Stored records:
------

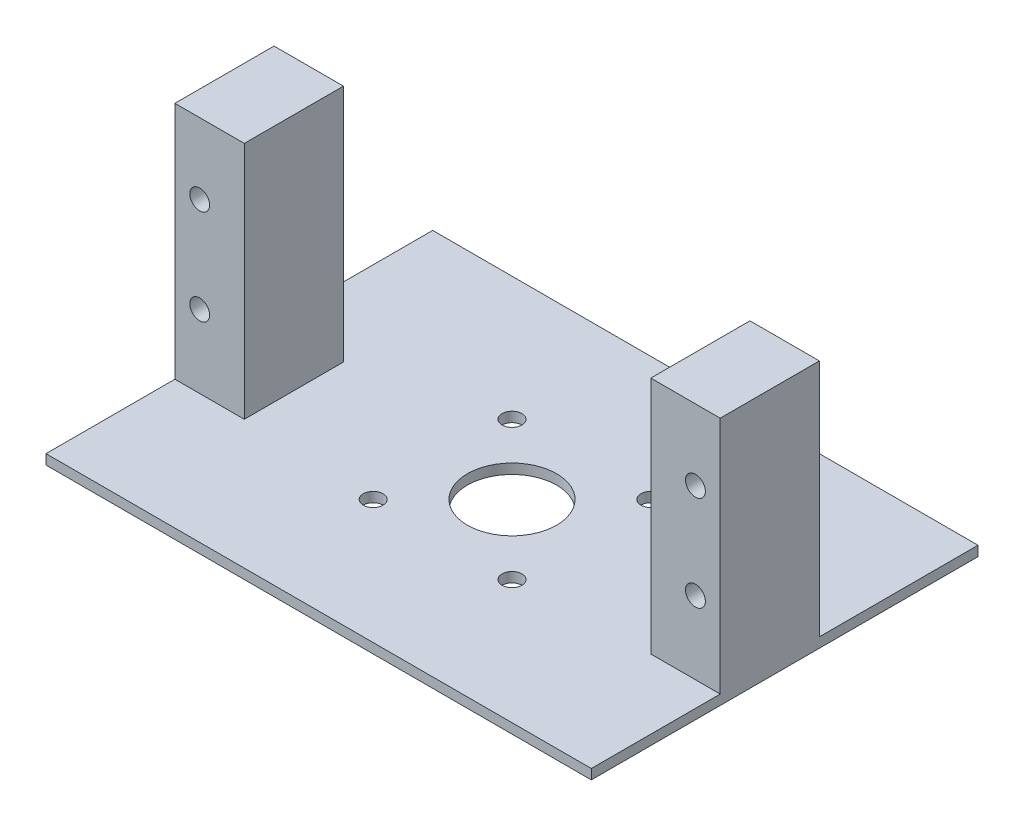
ISO-10303-21;
HEADER;
FILE_DESCRIPTION(('STEP AP214'),'2;1');
FILE_NAME('part.step','',(''),(''),'','','');
FILE_SCHEMA(('AUTOMOTIVE_DESIGN { 1 0 10303 214 1 1 1 1 }'));
ENDSEC;
DATA;
#1=APPLICATION_CONTEXT('core data for automotive mechanical design processes');
#2=APPLICATION_PROTOCOL_DEFINITION('international standard','automotive_design',2000,#1);
#3=PRODUCT_CONTEXT('',#1,'mechanical');
#4=PRODUCT('Part','Part','',(#3));
#5=PRODUCT_RELATED_PRODUCT_CATEGORY('part','',(#4));
#6=PRODUCT_DEFINITION_FORMATION('','',#4);
#7=PRODUCT_DEFINITION_CONTEXT('part definition',#1,'design');
#8=PRODUCT_DEFINITION('design','',#6,#7);
#9=PRODUCT_DEFINITION_SHAPE('','',#8);
#10=(LENGTH_UNIT() NAMED_UNIT(*) SI_UNIT(.MILLI.,.METRE.));
#11=(NAMED_UNIT(*) PLANE_ANGLE_UNIT() SI_UNIT($,.RADIAN.));
#12=(NAMED_UNIT(*) SI_UNIT($,.STERADIAN.) SOLID_ANGLE_UNIT());
#13=UNCERTAINTY_MEASURE_WITH_UNIT(LENGTH_MEASURE(1.E-05),#10,'distance_accuracy_value','');
#14=(GEOMETRIC_REPRESENTATION_CONTEXT(3) GLOBAL_UNCERTAINTY_ASSIGNED_CONTEXT((#13)) GLOBAL_UNIT_ASSIGNED_CONTEXT((#10,
#11,#12)) REPRESENTATION_CONTEXT('',''));
#15=CARTESIAN_POINT('',(0.,0.,0.));
#16=DIRECTION('',(0.,0.,1.));
#17=DIRECTION('',(1.,0.,0.));
#18=AXIS2_PLACEMENT_3D('',#15,#16,#17);
#19=CARTESIAN_POINT('',(0.,1.,0.));
#20=DIRECTION('',(0.,-1.,0.));
#21=DIRECTION('',(0.,0.,-1.));
#22=AXIS2_PLACEMENT_3D('',#19,#20,#21);
#23=PLANE('',#22);
#24=CARTESIAN_POINT('',(20.5,1.,-26.5));
#25=DIRECTION('',(0.,1.,0.));
#26=DIRECTION('',(0.,0.,1.));
#27=AXIS2_PLACEMENT_3D('',#24,#25,#26);
#28=CIRCLE('',#27,1.);
#29=CARTESIAN_POINT('',(20.5,1.,-25.5));
#30=VERTEX_POINT('',#29);
#31=EDGE_CURVE('E161',#30,#30,#28,.T.);
#32=ORIENTED_EDGE('',*,*,#31,.F.);
#33=EDGE_LOOP('',(#32));
#34=FACE_BOUND('',#33,.T.);
#35=CARTESIAN_POINT('',(20.5,1.,-12.5));
#36=DIRECTION('',(0.,1.,0.));
#37=DIRECTION('',(0.,0.,1.));
#38=AXIS2_PLACEMENT_3D('',#35,#36,#37);
#39=CIRCLE('',#38,1.);
#40=CARTESIAN_POINT('',(20.5,1.,-11.5));
#41=VERTEX_POINT('',#40);
#42=EDGE_CURVE('E232',#41,#41,#39,.T.);
#43=ORIENTED_EDGE('',*,*,#42,.F.);
#44=EDGE_LOOP('',(#43));
#45=FACE_BOUND('',#44,.T.);
#46=CARTESIAN_POINT('',(34.5,1.,-12.5));
#47=DIRECTION('',(0.,1.,0.));
#48=DIRECTION('',(0.,0.,1.));
#49=AXIS2_PLACEMENT_3D('',#46,#47,#48);
#50=CIRCLE('',#49,0.999999999999998);
#51=CARTESIAN_POINT('',(34.5,1.,-11.5));
#52=VERTEX_POINT('',#51);
#53=EDGE_CURVE('E224',#52,#52,#50,.T.);
#54=ORIENTED_EDGE('',*,*,#53,.F.);
#55=EDGE_LOOP('',(#54));
#56=FACE_BOUND('',#55,.T.);
#57=CARTESIAN_POINT('',(27.5,1.,-19.5));
#58=DIRECTION('',(0.,1.,0.));
#59=DIRECTION('',(0.,0.,1.));
#60=AXIS2_PLACEMENT_3D('',#57,#58,#59);
#61=CIRCLE('',#60,4.5);
#62=CARTESIAN_POINT('',(27.5,1.,-15.));
#63=VERTEX_POINT('',#62);
#64=EDGE_CURVE('E216',#63,#63,#61,.T.);
#65=ORIENTED_EDGE('',*,*,#64,.F.);
#66=EDGE_LOOP('',(#65));
#67=FACE_BOUND('',#66,.T.);
#68=CARTESIAN_POINT('',(34.5,1.,-26.5));
#69=DIRECTION('',(0.,1.,0.));
#70=DIRECTION('',(0.,0.,1.));
#71=AXIS2_PLACEMENT_3D('',#68,#69,#70);
#72=CIRCLE('',#71,0.999999999999998);
#73=CARTESIAN_POINT('',(34.5,1.,-25.5));
#74=VERTEX_POINT('',#73);
#75=EDGE_CURVE('E239',#74,#74,#72,.T.);
#76=ORIENTED_EDGE('',*,*,#75,.F.);
#77=EDGE_LOOP('',(#76));
#78=FACE_BOUND('',#77,.T.);
#79=DIRECTION('',(1.,0.,0.));
#80=VECTOR('',#79,1.);
#81=CARTESIAN_POINT('',(48.,1.,-13.));
#82=LINE('',#81,#80);
#83=CARTESIAN_POINT('',(48.,1.,-13.));
#84=VERTEX_POINT('',#83);
#85=CARTESIAN_POINT('',(55.,1.,-13.));
#86=VERTEX_POINT('',#85);
#87=EDGE_CURVE('E61',#84,#86,#82,.T.);
#88=ORIENTED_EDGE('',*,*,#87,.F.);
#89=DIRECTION('',(0.,0.,1.));
#90=VECTOR('',#89,1.);
#91=CARTESIAN_POINT('',(48.,1.,-23.));
#92=LINE('',#91,#90);
#93=CARTESIAN_POINT('',(48.,1.,-23.));
#94=VERTEX_POINT('',#93);
#95=EDGE_CURVE('E157',#94,#84,#92,.T.);
#96=ORIENTED_EDGE('',*,*,#95,.F.);
#97=DIRECTION('',(-1.,0.,0.));
#98=VECTOR('',#97,1.);
#99=CARTESIAN_POINT('',(55.,1.,-23.));
#100=LINE('',#99,#98);
#101=CARTESIAN_POINT('',(55.,1.,-23.));
#102=VERTEX_POINT('',#101);
#103=EDGE_CURVE('E300',#102,#94,#100,.T.);
#104=ORIENTED_EDGE('',*,*,#103,.F.);
#105=DIRECTION('',(0.,0.,-1.));
#106=VECTOR('',#105,1.);
#107=CARTESIAN_POINT('',(55.,1.,0.));
#108=LINE('',#107,#106);
#109=CARTESIAN_POINT('',(55.,1.,-39.));
#110=VERTEX_POINT('',#109);
#111=EDGE_CURVE('E254',#102,#110,#108,.T.);
#112=ORIENTED_EDGE('',*,*,#111,.T.);
#113=DIRECTION('',(-1.,0.,0.));
#114=VECTOR('',#113,1.);
#115=CARTESIAN_POINT('',(0.,1.,-39.));
#116=LINE('',#115,#114);
#117=CARTESIAN_POINT('',(0.,1.,-39.));
#118=VERTEX_POINT('',#117);
#119=EDGE_CURVE('E258',#110,#118,#116,.T.);
#120=ORIENTED_EDGE('',*,*,#119,.T.);
#121=DIRECTION('',(0.,0.,1.));
#122=VECTOR('',#121,1.);
#123=CARTESIAN_POINT('',(0.,1.,0.));
#124=LINE('',#123,#122);
#125=CARTESIAN_POINT('',(0.,1.,-23.));
#126=VERTEX_POINT('',#125);
#127=EDGE_CURVE('E247',#118,#126,#124,.T.);
#128=ORIENTED_EDGE('',*,*,#127,.T.);
#129=DIRECTION('',(-1.,0.,0.));
#130=VECTOR('',#129,1.);
#131=CARTESIAN_POINT('',(0.,1.,-23.));
#132=LINE('',#131,#130);
#133=CARTESIAN_POINT('',(7.,1.,-23.));
#134=VERTEX_POINT('',#133);
#135=EDGE_CURVE('E68',#134,#126,#132,.T.);
#136=ORIENTED_EDGE('',*,*,#135,.F.);
#137=DIRECTION('',(0.,0.,-1.));
#138=VECTOR('',#137,1.);
#139=CARTESIAN_POINT('',(7.,1.,-23.));
#140=LINE('',#139,#138);
#141=CARTESIAN_POINT('',(7.,1.,-13.));
#142=VERTEX_POINT('',#141);
#143=EDGE_CURVE('E190',#142,#134,#140,.T.);
#144=ORIENTED_EDGE('',*,*,#143,.F.);
#145=DIRECTION('',(1.,0.,0.));
#146=VECTOR('',#145,1.);
#147=CARTESIAN_POINT('',(7.,1.,-13.));
#148=LINE('',#147,#146);
#149=CARTESIAN_POINT('',(0.,1.,-13.));
#150=VERTEX_POINT('',#149);
#151=EDGE_CURVE('E193',#150,#142,#148,.T.);
#152=ORIENTED_EDGE('',*,*,#151,.F.);
#153=CARTESIAN_POINT('',(0.,1.,0.));
#154=VERTEX_POINT('',#153);
#155=EDGE_CURVE('E251',#150,#154,#124,.T.);
#156=ORIENTED_EDGE('',*,*,#155,.T.);
#157=DIRECTION('',(1.,0.,0.));
#158=VECTOR('',#157,1.);
#159=CARTESIAN_POINT('',(0.,1.,0.));
#160=LINE('',#159,#158);
#161=CARTESIAN_POINT('',(55.,1.,0.));
#162=VERTEX_POINT('',#161);
#163=EDGE_CURVE('E250',#154,#162,#160,.T.);
#164=ORIENTED_EDGE('',*,*,#163,.T.);
#165=EDGE_CURVE('E255',#162,#86,#108,.T.);
#166=ORIENTED_EDGE('',*,*,#165,.T.);
#167=EDGE_LOOP('',(#88,#96,#104,#112,#120,#128,#136,#144,#152,#156,#164,#166));
#168=FACE_BOUND('',#167,.T.);
#169=ADVANCED_FACE('F45',(#34,#45,#56,#67,#78,#168),#23,.F.);
#170=CARTESIAN_POINT('',(0.,1.,0.));
#171=DIRECTION('',(1.,0.,0.));
#172=DIRECTION('',(0.,0.,-1.));
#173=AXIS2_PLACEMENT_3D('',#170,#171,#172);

------

Scan the data above, find each line with "VECTOR", and copy it.

◆ PROBLEM SOLUTION:
#80=VECTOR('',#79,1.);
#90=VECTOR('',#89,1.);
#98=VECTOR('',#97,1.);
#106=VECTOR('',#105,1.);
#114=VECTOR('',#113,1.);
#122=VECTOR('',#121,1.);
#130=VECTOR('',#129,1.);
#138=VECTOR('',#137,1.);
#146=VECTOR('',#145,1.);
#158=VECTOR('',#157,1.);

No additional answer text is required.